[WORK TASK] Your task is to copy the stretch of lines in the records below that begins with the line containing "#101=DIRECTION('',(-1.,0.,0.));" and ends with the line containing "#125=LINE('',#124,#123);", exactly as written, with nothing added.

[MATERIAL SHOWN]
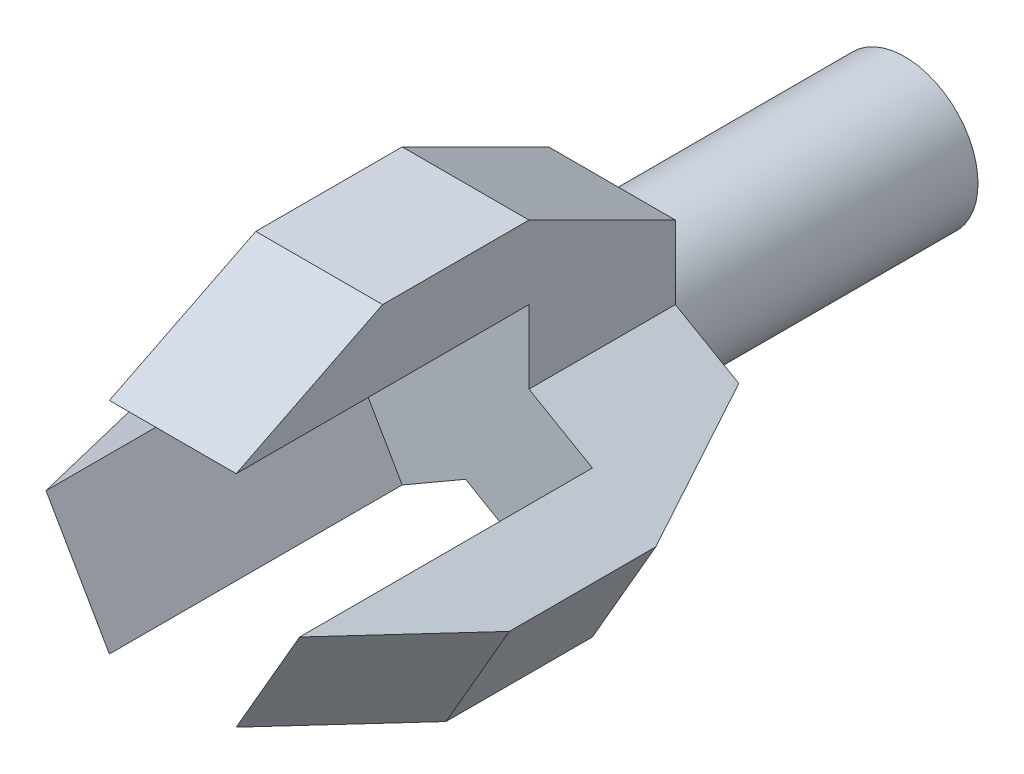
ISO-10303-21;
HEADER;
FILE_DESCRIPTION(('STEP AP214'),'2;1');
FILE_NAME('part.step','',(''),(''),'','','');
FILE_SCHEMA(('AUTOMOTIVE_DESIGN { 1 0 10303 214 1 1 1 1 }'));
ENDSEC;
DATA;
#1=APPLICATION_CONTEXT('core data for automotive mechanical design processes');
#2=APPLICATION_PROTOCOL_DEFINITION('international standard','automotive_design',2000,#1);
#3=PRODUCT_CONTEXT('',#1,'mechanical');
#4=PRODUCT('Part','Part','',(#3));
#5=PRODUCT_RELATED_PRODUCT_CATEGORY('part','',(#4));
#6=PRODUCT_DEFINITION_FORMATION('','',#4);
#7=PRODUCT_DEFINITION_CONTEXT('part definition',#1,'design');
#8=PRODUCT_DEFINITION('design','',#6,#7);
#9=PRODUCT_DEFINITION_SHAPE('','',#8);
#10=(LENGTH_UNIT() NAMED_UNIT(*) SI_UNIT(.MILLI.,.METRE.));
#11=(NAMED_UNIT(*) PLANE_ANGLE_UNIT() SI_UNIT($,.RADIAN.));
#12=(NAMED_UNIT(*) SI_UNIT($,.STERADIAN.) SOLID_ANGLE_UNIT());
#13=UNCERTAINTY_MEASURE_WITH_UNIT(LENGTH_MEASURE(1.E-05),#10,'distance_accuracy_value','');
#14=(GEOMETRIC_REPRESENTATION_CONTEXT(3) GLOBAL_UNCERTAINTY_ASSIGNED_CONTEXT((#13)) GLOBAL_UNIT_ASSIGNED_CONTEXT((#10,
#11,#12)) REPRESENTATION_CONTEXT('',''));
#15=CARTESIAN_POINT('',(0.,0.,0.));
#16=DIRECTION('',(0.,0.,1.));
#17=DIRECTION('',(1.,0.,0.));
#18=AXIS2_PLACEMENT_3D('',#15,#16,#17);
#19=CARTESIAN_POINT('',(0.,0.,200.));
#20=DIRECTION('',(0.,0.,-1.));
#21=DIRECTION('',(-1.,0.,0.));
#22=AXIS2_PLACEMENT_3D('',#19,#20,#21);
#23=CYLINDRICAL_SURFACE('',#22,50.);
#24=CARTESIAN_POINT('',(0.,0.,200.));
#25=DIRECTION('',(0.,0.,1.));
#26=DIRECTION('',(1.,0.,0.));
#27=AXIS2_PLACEMENT_3D('',#24,#25,#26);
#28=CIRCLE('',#27,50.);
#29=CARTESIAN_POINT('',(43.3012701892225,24.999999999999,200.));
#30=VERTEX_POINT('',#29);
#31=CARTESIAN_POINT('',(-43.3012701892218,25.0000000000002,200.));
#32=VERTEX_POINT('',#31);
#33=EDGE_CURVE('E11',#30,#32,#28,.T.);
#34=ORIENTED_EDGE('',*,*,#33,.F.);
#35=CARTESIAN_POINT('',(0.,0.,200.));
#36=DIRECTION('',(0.,0.,1.));
#37=DIRECTION('',(1.,0.,0.));
#38=AXIS2_PLACEMENT_3D('',#35,#36,#37);
#39=CIRCLE('',#38,50.);
#40=CARTESIAN_POINT('',(0.,-50.,200.));
#41=VERTEX_POINT('',#40);
#42=EDGE_CURVE('E361',#41,#30,#39,.T.);
#43=ORIENTED_EDGE('',*,*,#42,.F.);
#44=EDGE_CURVE('E41',#32,#41,#28,.T.);
#45=ORIENTED_EDGE('',*,*,#44,.F.);
#46=EDGE_LOOP('',(#34,#43,#45));
#47=FACE_BOUND('',#46,.T.);
#48=CARTESIAN_POINT('',(0.,0.,0.));
#49=DIRECTION('',(0.,0.,1.));
#50=DIRECTION('',(1.,0.,0.));
#51=AXIS2_PLACEMENT_3D('',#48,#49,#50);
#52=CIRCLE('',#51,50.);
#53=CARTESIAN_POINT('',(50.,0.,0.));
#54=VERTEX_POINT('',#53);
#55=EDGE_CURVE('E309',#54,#54,#52,.T.);
#56=ORIENTED_EDGE('',*,*,#55,.T.);
#57=EDGE_LOOP('',(#56));
#58=FACE_BOUND('',#57,.T.);
#59=ADVANCED_FACE('F33',(#47,#58),#23,.T.);
#60=CARTESIAN_POINT('',(0.,0.,0.));
#61=DIRECTION('',(0.,0.,1.));
#62=DIRECTION('',(1.,0.,0.));
#63=AXIS2_PLACEMENT_3D('',#60,#61,#62);
#64=PLANE('',#63);
#65=ORIENTED_EDGE('',*,*,#55,.F.);
#66=EDGE_LOOP('',(#65));
#67=FACE_BOUND('',#66,.T.);
#68=ADVANCED_FACE('F406',(#67),#64,.F.);
#69=CARTESIAN_POINT('',(5.20062834568508E-13,2.33066452422245E-13,200.));
#70=DIRECTION('',(0.,0.,1.));
#71=DIRECTION('',(1.,0.,0.));
#72=AXIS2_PLACEMENT_3D('',#69,#70,#71);
#73=PLANE('',#72);
#74=DIRECTION('',(0.,1.,0.));
#75=VECTOR('',#74,1.);
#76=CARTESIAN_POINT('',(43.3012701892218,25.0000000000002,200.));
#77=LINE('',#76,#75);
#78=CARTESIAN_POINT('',(43.3012701892224,75.0000000000016,200.));
#79=VERTEX_POINT('',#78);
#80=EDGE_CURVE('E324',#30,#79,#77,.T.);
#81=ORIENTED_EDGE('',*,*,#80,.F.);
#82=ORIENTED_EDGE('',*,*,#33,.T.);
#83=DIRECTION('',(0.,-1.,0.));
#84=VECTOR('',#83,1.);
#85=CARTESIAN_POINT('',(-43.3012701892211,74.9999999999998,200.));
#86=LINE('',#85,#84);
#87=CARTESIAN_POINT('',(-43.3012701892211,75.0000000000022,200.));
#88=VERTEX_POINT('',#87);
#89=EDGE_CURVE('E305',#88,#32,#86,.T.);
#90=ORIENTED_EDGE('',*,*,#89,.F.);
#91=DIRECTION('',(-1.,0.,0.));
#92=VECTOR('',#91,1.);
#93=CARTESIAN_POINT('',(43.3012701892223,74.9999999999991,200.));
#94=LINE('',#93,#92);
#95=EDGE_CURVE('E326',#79,#88,#94,.T.);
#96=ORIENTED_EDGE('',*,*,#95,.F.);
#97=EDGE_LOOP('',(#81,#82,#90,#96));
#98=FACE_BOUND('',#97,.T.);
#99=ADVANCED_FACE('F384',(#98),#73,.F.);
#100=CARTESIAN_POINT('',(43.3012701892218,25.0000000000002,300.));
#101=DIRECTION('',(-1.,0.,0.));
#102=DIRECTION('',(0.,-1.,0.));
#103=AXIS2_PLACEMENT_3D('',#100,#101,#102);
#104=PLANE('',#103);
#105=ORIENTED_EDGE('',*,*,#80,.T.);
#106=DIRECTION('',(0.,0.447213595499957,0.894427190999916));
#107=VECTOR('',#106,1.);
#108=CARTESIAN_POINT('',(43.3012701892224,75.0000000000017,200.));
#109=LINE('',#108,#107);
#110=CARTESIAN_POINT('',(43.3012701892228,125.000000000001,300.));
#111=VERTEX_POINT('',#110);
#112=EDGE_CURVE('E341',#79,#111,#109,.T.);
#113=ORIENTED_EDGE('',*,*,#112,.T.);
#114=DIRECTION('',(0.,0.,1.));
#115=VECTOR('',#114,1.);
#116=CARTESIAN_POINT('',(43.3012701892228,125.000000000001,300.));
#117=LINE('',#116,#115);
#118=CARTESIAN_POINT('',(43.3012701892228,125.000000000001,400.));
#119=VERTEX_POINT('',#118);
#120=EDGE_CURVE('E342',#111,#119,#117,.T.);
#121=ORIENTED_EDGE('',*,*,#120,.T.);
#122=DIRECTION('',(0.,-0.447213595499957,0.894427190999916));
#123=VECTOR('',#122,1.);
#124=CARTESIAN_POINT('',(43.3012701892228,125.000000000002,400.));
#125=LINE('',#124,#123);
#126=CARTESIAN_POINT('',(43.3012701892224,75.0000000000016,500.));
#127=VERTEX_POINT('',#126);
#128=EDGE_CURVE('E339',#119,#127,#125,.T.);
#129=ORIENTED_EDGE('',*,*,#128,.T.);
#130=DIRECTION('',(0.,0.,-1.));
#131=VECTOR('',#130,1.);
#132=CARTESIAN_POINT('',(43.3012701892224,75.0000000000016,200.));
#133=LINE('',#132,#131);
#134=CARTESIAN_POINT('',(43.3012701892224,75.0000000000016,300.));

[TASK RESULT]
#101=DIRECTION('',(-1.,0.,0.));
#102=DIRECTION('',(0.,-1.,0.));
#103=AXIS2_PLACEMENT_3D('',#100,#101,#102);
#104=PLANE('',#103);
#105=ORIENTED_EDGE('',*,*,#80,.T.);
#106=DIRECTION('',(0.,0.447213595499957,0.894427190999916));
#107=VECTOR('',#106,1.);
#108=CARTESIAN_POINT('',(43.3012701892224,75.0000000000017,200.));
#109=LINE('',#108,#107);
#110=CARTESIAN_POINT('',(43.3012701892228,125.000000000001,300.));
#111=VERTEX_POINT('',#110);
#112=EDGE_CURVE('E341',#79,#111,#109,.T.);
#113=ORIENTED_EDGE('',*,*,#112,.T.);
#114=DIRECTION('',(0.,0.,1.));
#115=VECTOR('',#114,1.);
#116=CARTESIAN_POINT('',(43.3012701892228,125.000000000001,300.));
#117=LINE('',#116,#115);
#118=CARTESIAN_POINT('',(43.3012701892228,125.000000000001,400.));
#119=VERTEX_POINT('',#118);
#120=EDGE_CURVE('E342',#111,#119,#117,.T.);
#121=ORIENTED_EDGE('',*,*,#120,.T.);
#122=DIRECTION('',(0.,-0.447213595499957,0.894427190999916));
#123=VECTOR('',#122,1.);
#124=CARTESIAN_POINT('',(43.3012701892228,125.000000000002,400.));
#125=LINE('',#124,#123);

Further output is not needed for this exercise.